The play’s conceit of a reading group—which justifies banks of text to be read, for a tool kit of post-colonial theory to be deployed, and researched pieces to be re-enacted—cannot save it from being a very entertaining ‘lecture’ illustrated by a series of enactments that take the audience from the Javanese court, to Singapore at the brink of Self-Government and Independence.

So it was a lecture: That’s not a problem for me in itself; I love lectures. But because Merdeka played itself out as a series of vignettes, each adding to the theme of erasure—forgotten indignities, forgotten moral victories—producing in its wake potential ‘heroes’ and alternatives to state sanctioned pantheon. It could have been the purpose of the play to generate a sense of shared investment in re-thinking history, through each of the characters—ethnic and gender representations well established by the plays own estimation.

The talented ensemble brought to life the book-reading group: Eurasian Francis, Indian Anushka, Chinese Siew, and Malay-Arab Norman. But it was the angry Malay-Javanese Liyana and the well intentioned, if clumsy, Chinese Jared who stole the show for me.

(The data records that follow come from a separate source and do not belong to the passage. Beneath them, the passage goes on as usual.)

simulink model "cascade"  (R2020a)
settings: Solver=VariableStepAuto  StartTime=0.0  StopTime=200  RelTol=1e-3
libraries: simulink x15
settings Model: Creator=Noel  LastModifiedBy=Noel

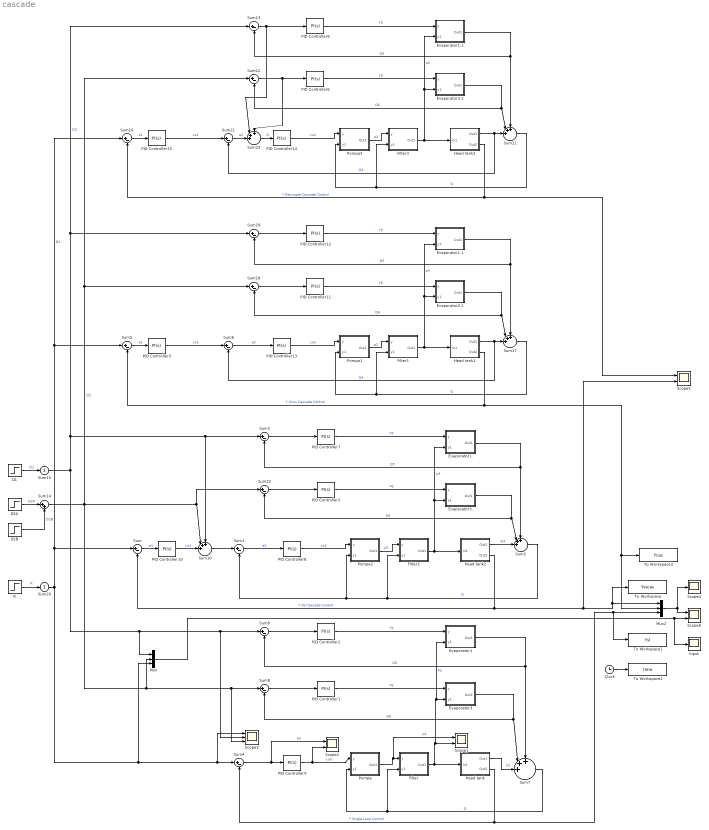
== system cascade ==
  Clock : Clock
  D1 : Step  Time=50  SampleTime=0
  D2A : Step  Time=100  After=0.5  SampleTime=0
  D2B : Step  Time=150  After=0.5  SampleTime=0
  Evaporator1 : Subsystem
  Evaporator1. : Subsystem
  Evaporator1.1 : Subsystem
  Evaporator1.2 : Subsystem
  Evaporator3 : Subsystem
  Evaporator3. : Subsystem
  Evaporator3.1 : Subsystem
  Evaporator3.2 : Subsystem
  Filter : Subsystem
  Filter1 : Subsystem
  Filter2 : Subsystem
  Filter3 : Subsystem
  Head tank : Subsystem
  Head tank1 : Subsystem
  Head tank2 : Subsystem
  Head tank3 : Subsystem
  Input : Scope
  Mux : Mux  Inputs=3
  Mux2 : Mux  Inputs=3
  PID Controller{1..2,5..7,9,11..12} (8 alike) : simulink/Continuous/PID Controller  Controller=PI  Form=Parallel  TimeDomain=Continuous-time  UseExternalTs=off  SampleTime=-1  IntegratorMethod=Forward Euler  FilterMethod=Forward Euler  ControllerParametersSource=internal  P=1.23205080756888  I=1.24401693585629  D=0.0542671517574869  UseFilter=on  N=20.3539436942361  TunerSelectOption=Transfer Function Based (PID Tuner App)  InitialConditionSource=internal  InitialConditionForIntegrator=0  InitialConditionForFilter=0  DifferentiatorICPrevScaledInput=0  ExternalReset=none  TrackingMode=off  Kt=1  LimitOutput=off  UpperSaturationLimit=inf  LowerSaturationLimit=-inf  LinearizeAsGain=on  AntiWindupMode=none  Kb=1  POutMin=[]  POutMax=[]  IOutMin=[]  IOutMax=[]  DOutMin=[]  DOutMax=[]  NOutMin=[]  NOutMax=[]  SumOutMin=[]  SumOutMax=[]  SaturationOutMin=[]  SaturationOutMax=[]  PParamMin=[]  PParamMax=[]  IParamMin=[]  IParamMax=[]  DParamMin=[]  DParamMax=[]  NParamMin=[]  NParamMax=[]  KbParamMin=[]  KbParamMax=[]  KtParamMin=[]  KtParamMax=[]  KbOutMin=[]  KbOutMax=[]  KtOutMin=[]  KtOutMax=[]  IntegratorOutMin=[]  IntegratorOutMax=[]  FilterOutMin=[]  FilterOutMax=[]  SumI1OutMin=[]  SumI1OutMax=[]  SumI2OutMin=[]  SumI2OutMax=[]  SumI3OutMin=[]  SumI3OutMax=[]  SumI4OutMin=[]  SumI4OutMax=[]  SumDOutMin=[]  SumDOutMax=[]  DifferentiatorOutMin=[]  DifferentiatorOutMax=[]  FilterDiffOutCoefMin=[]  FilterDiffOutCoefMax=[]  ReciprocalOutMin=[]  ReciprocalOutMax=[]  SumDenOutMin=[]  SumDenOutMax=[]  SumNumOutMin=[]  SumNumOutMax=[]  DivideOutMin=[]  DivideOutMax=[]  UdiffTsProdOutMin=[]  UdiffTsProdOutMax=[]  NTsProdOutMin=[]  NTsProdOutMax=[]  UintegralTsProdOutMin=[]  UintegralTsProdOutMax=[]  UngainTsProdOutMin=[]  UngainTsProdOutMax=[]  IntegratorContinuousStateAttributes=''  IntegratorStateMustResolveToSignalObject=off  IntegratorRTWStateStorageClass=Auto  FilterContinuousStateAttributes=''  FilterStateMustResolveToSignalObject=off  FilterRTWStateStorageClass=Auto  ParallelPVariant=InternalParameters  IdealPVariant=Disabled  IVariant=InternalParameters  DVariant=Disabled  IntegratorVariant=Continuous  SatVariant=Disabled  AWVariant=Passthrough  PCopyVariant=Disabled  TRVariant=Disabled  FdbkBlocksVariant=Forward  IdealPFdbkVariant=Disabled  SatFdbkVariant=Disabled  DerivativeFilterVariant=Disabled  NVariant=Disabled  NCopyVariant=Disabled_SignalSpec  FilterICVariant=Disabled  IntegratorICVariant=InternalICs  ExternalResetVariant=Disabled  TRSumVariant=Passthrough  SumFdbkVariant=Disabled  SumVariant=Sum_PI  TsampFilterVariant=InternalTs  TsampNgainVariant=Passthrough  TsampIntegralVariant=Passthrough
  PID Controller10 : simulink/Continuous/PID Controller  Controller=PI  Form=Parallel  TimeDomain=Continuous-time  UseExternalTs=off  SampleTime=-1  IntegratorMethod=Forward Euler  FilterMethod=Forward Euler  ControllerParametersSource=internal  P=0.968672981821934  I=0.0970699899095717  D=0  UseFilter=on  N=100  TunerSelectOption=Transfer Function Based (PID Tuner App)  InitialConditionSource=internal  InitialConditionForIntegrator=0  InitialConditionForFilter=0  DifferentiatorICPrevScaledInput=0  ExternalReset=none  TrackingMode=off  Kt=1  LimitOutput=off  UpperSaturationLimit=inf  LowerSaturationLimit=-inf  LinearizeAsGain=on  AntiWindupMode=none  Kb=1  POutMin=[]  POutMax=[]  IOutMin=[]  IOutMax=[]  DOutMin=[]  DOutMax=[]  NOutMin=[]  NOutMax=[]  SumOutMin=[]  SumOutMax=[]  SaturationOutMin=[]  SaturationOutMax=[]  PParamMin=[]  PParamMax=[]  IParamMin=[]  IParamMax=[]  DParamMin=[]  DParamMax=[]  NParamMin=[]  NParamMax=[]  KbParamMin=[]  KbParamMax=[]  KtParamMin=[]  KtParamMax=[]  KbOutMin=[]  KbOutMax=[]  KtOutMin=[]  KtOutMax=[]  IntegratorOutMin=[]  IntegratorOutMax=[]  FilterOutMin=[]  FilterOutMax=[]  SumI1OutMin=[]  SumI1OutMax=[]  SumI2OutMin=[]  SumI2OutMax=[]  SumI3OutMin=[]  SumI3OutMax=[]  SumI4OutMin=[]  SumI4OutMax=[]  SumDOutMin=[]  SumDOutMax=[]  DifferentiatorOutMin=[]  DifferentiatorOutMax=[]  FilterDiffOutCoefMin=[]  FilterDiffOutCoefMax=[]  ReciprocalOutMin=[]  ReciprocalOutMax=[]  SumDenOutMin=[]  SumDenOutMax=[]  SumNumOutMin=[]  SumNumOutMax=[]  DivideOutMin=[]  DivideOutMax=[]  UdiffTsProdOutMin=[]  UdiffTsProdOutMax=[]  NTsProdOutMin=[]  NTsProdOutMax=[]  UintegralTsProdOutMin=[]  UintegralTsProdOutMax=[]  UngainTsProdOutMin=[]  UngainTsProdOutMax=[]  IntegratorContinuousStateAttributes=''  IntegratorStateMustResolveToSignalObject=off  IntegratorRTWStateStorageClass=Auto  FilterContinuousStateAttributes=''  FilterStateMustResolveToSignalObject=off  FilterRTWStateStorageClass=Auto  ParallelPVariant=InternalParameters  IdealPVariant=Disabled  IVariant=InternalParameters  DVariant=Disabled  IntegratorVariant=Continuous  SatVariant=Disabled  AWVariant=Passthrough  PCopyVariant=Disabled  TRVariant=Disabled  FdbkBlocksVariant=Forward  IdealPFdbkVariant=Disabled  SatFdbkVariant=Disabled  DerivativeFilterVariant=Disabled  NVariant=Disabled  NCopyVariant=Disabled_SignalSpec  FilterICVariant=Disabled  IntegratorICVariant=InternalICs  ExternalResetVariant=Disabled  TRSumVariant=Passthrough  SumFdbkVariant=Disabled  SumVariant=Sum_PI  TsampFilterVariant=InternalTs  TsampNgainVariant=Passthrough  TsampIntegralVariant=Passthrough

Liyana’s offering to the group is the story of Raffles at a Javanese Court, giving us the poignant spectacle of colonial power and forms of subjugation that colonial rule wrought in its wake. The story, as fascinating as it is, brings us no closer to an understanding of the world as it existed then—of emerging and declining powers. Was it the intention of the play that we sympathise with the Javanese despot (Asian) against the victorious British (European) coloniser because of a solidarity based on a presumed shared identity?

Liyana’s uncompromising, hard-edge contrasts with Norman’s softer, accommodating tone, put her at the heart of the play and its demand that “Raffles Must Fall”, while Jared is cast in the role of bearer of received wisdom for the official nationalist narrative. These are the voices that are in apparent contestation, but as characters they seem more like positions rather than individuals. I left the play with no understanding of the motivations or context of, for instance, Liyana’s anger. Perhaps there are assumptions about contemporary Singapore that the play shares with its local audience that I am excluded from; perhaps not everything can or needs to be stated.

For all its entertainment value (I loved the performances) and in the wonderful setting of the Wild Rice Theatre (my first time), Merdeka seemed to me unable to name the true object of this critique. After all, if Raffles must fall, who will take his place?

Notes on AIM: The group had a clear sense that all monuments are invested and re-invested with meanings: “To erect a monument is to invest in a specific place with meanings and memories. This can happen by investing institutionalised ‘national ideology’ of a country; very often this ‘national ideology’ will benefit those who have the prerogative to exercise power’. (AIM Organizing Committee, March 2000).